■ EXERCISE INPUTS ■

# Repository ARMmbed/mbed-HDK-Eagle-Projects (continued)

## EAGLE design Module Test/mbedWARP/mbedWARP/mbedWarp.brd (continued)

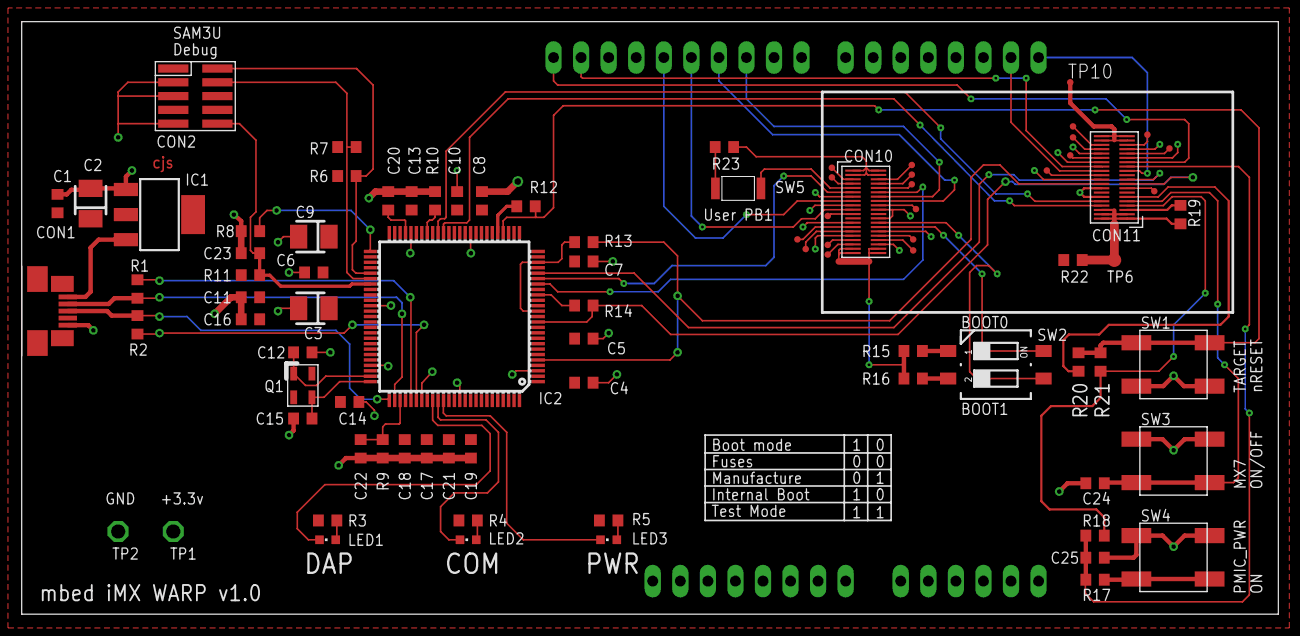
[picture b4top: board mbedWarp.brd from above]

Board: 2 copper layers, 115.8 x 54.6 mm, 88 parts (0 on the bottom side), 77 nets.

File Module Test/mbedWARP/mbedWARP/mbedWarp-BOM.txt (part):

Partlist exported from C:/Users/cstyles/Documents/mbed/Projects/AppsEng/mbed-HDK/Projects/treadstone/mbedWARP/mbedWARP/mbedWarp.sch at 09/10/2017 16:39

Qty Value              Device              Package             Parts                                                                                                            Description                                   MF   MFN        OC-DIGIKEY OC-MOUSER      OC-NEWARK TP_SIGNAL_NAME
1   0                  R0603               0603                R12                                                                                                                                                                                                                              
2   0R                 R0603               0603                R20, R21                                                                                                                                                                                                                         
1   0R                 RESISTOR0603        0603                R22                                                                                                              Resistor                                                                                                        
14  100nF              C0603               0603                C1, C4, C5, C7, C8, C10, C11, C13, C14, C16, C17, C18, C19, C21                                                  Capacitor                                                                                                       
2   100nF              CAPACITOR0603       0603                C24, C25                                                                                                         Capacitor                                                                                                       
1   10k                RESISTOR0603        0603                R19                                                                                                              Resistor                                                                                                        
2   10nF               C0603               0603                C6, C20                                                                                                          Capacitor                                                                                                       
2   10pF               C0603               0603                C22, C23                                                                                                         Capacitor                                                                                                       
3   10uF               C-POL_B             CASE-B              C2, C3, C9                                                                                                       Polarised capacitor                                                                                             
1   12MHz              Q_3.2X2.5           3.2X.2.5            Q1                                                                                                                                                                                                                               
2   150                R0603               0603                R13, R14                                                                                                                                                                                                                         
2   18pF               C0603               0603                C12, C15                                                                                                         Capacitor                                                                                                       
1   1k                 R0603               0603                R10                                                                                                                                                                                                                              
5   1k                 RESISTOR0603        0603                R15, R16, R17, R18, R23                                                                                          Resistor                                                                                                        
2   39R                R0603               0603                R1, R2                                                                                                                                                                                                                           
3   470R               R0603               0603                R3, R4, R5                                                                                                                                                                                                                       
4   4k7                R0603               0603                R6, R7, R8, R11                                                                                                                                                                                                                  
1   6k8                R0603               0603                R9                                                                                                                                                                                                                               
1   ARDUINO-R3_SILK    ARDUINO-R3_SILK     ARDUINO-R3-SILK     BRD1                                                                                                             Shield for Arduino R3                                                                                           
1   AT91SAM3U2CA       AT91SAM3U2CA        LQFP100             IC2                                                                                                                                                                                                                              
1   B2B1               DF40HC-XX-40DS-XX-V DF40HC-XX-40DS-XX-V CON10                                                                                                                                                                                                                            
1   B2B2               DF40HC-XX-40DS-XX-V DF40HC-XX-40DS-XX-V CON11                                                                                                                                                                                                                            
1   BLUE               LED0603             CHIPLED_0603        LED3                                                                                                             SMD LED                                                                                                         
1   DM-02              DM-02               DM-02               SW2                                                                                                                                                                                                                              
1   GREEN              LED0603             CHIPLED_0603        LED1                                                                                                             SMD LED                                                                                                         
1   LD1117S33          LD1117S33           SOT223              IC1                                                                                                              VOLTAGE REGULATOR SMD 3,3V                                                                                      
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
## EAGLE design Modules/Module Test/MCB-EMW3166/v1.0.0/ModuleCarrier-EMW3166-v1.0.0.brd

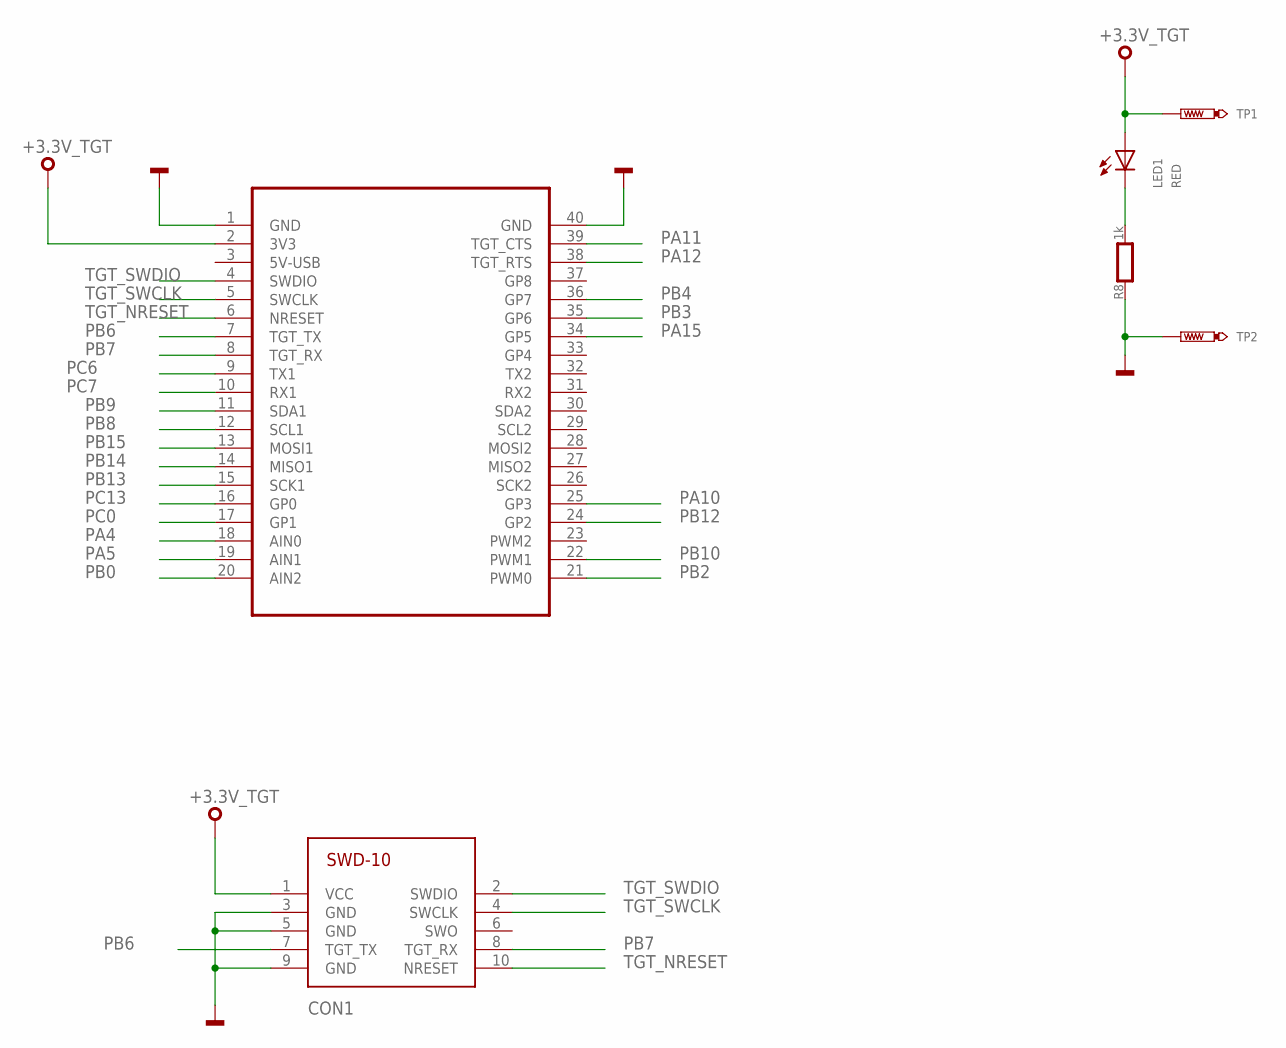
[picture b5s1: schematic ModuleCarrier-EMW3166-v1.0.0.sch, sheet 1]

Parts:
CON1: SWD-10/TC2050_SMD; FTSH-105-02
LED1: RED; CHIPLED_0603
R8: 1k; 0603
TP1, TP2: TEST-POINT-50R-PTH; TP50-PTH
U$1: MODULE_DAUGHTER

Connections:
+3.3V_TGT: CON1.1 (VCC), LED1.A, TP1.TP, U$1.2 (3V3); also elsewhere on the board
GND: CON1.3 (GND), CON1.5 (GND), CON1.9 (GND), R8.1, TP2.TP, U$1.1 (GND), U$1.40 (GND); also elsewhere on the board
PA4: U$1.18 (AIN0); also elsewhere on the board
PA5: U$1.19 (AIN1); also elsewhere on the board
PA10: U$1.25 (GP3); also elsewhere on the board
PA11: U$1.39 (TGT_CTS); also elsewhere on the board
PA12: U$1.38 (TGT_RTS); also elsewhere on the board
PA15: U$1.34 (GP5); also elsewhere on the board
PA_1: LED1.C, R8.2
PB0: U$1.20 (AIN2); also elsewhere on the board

■ WHAT IS BEING ASKED ■
Each line in the data that holds the string "design" should be found and copied.

■ EXPECTED ANSWER ■
## EAGLE design Module Test/mbedWARP/mbedWARP/mbedWarp.brd (continued)
## EAGLE design Modules/Module Test/MCB-EMW3166/v1.0.0/ModuleCarrier-EMW3166-v1.0.0.brd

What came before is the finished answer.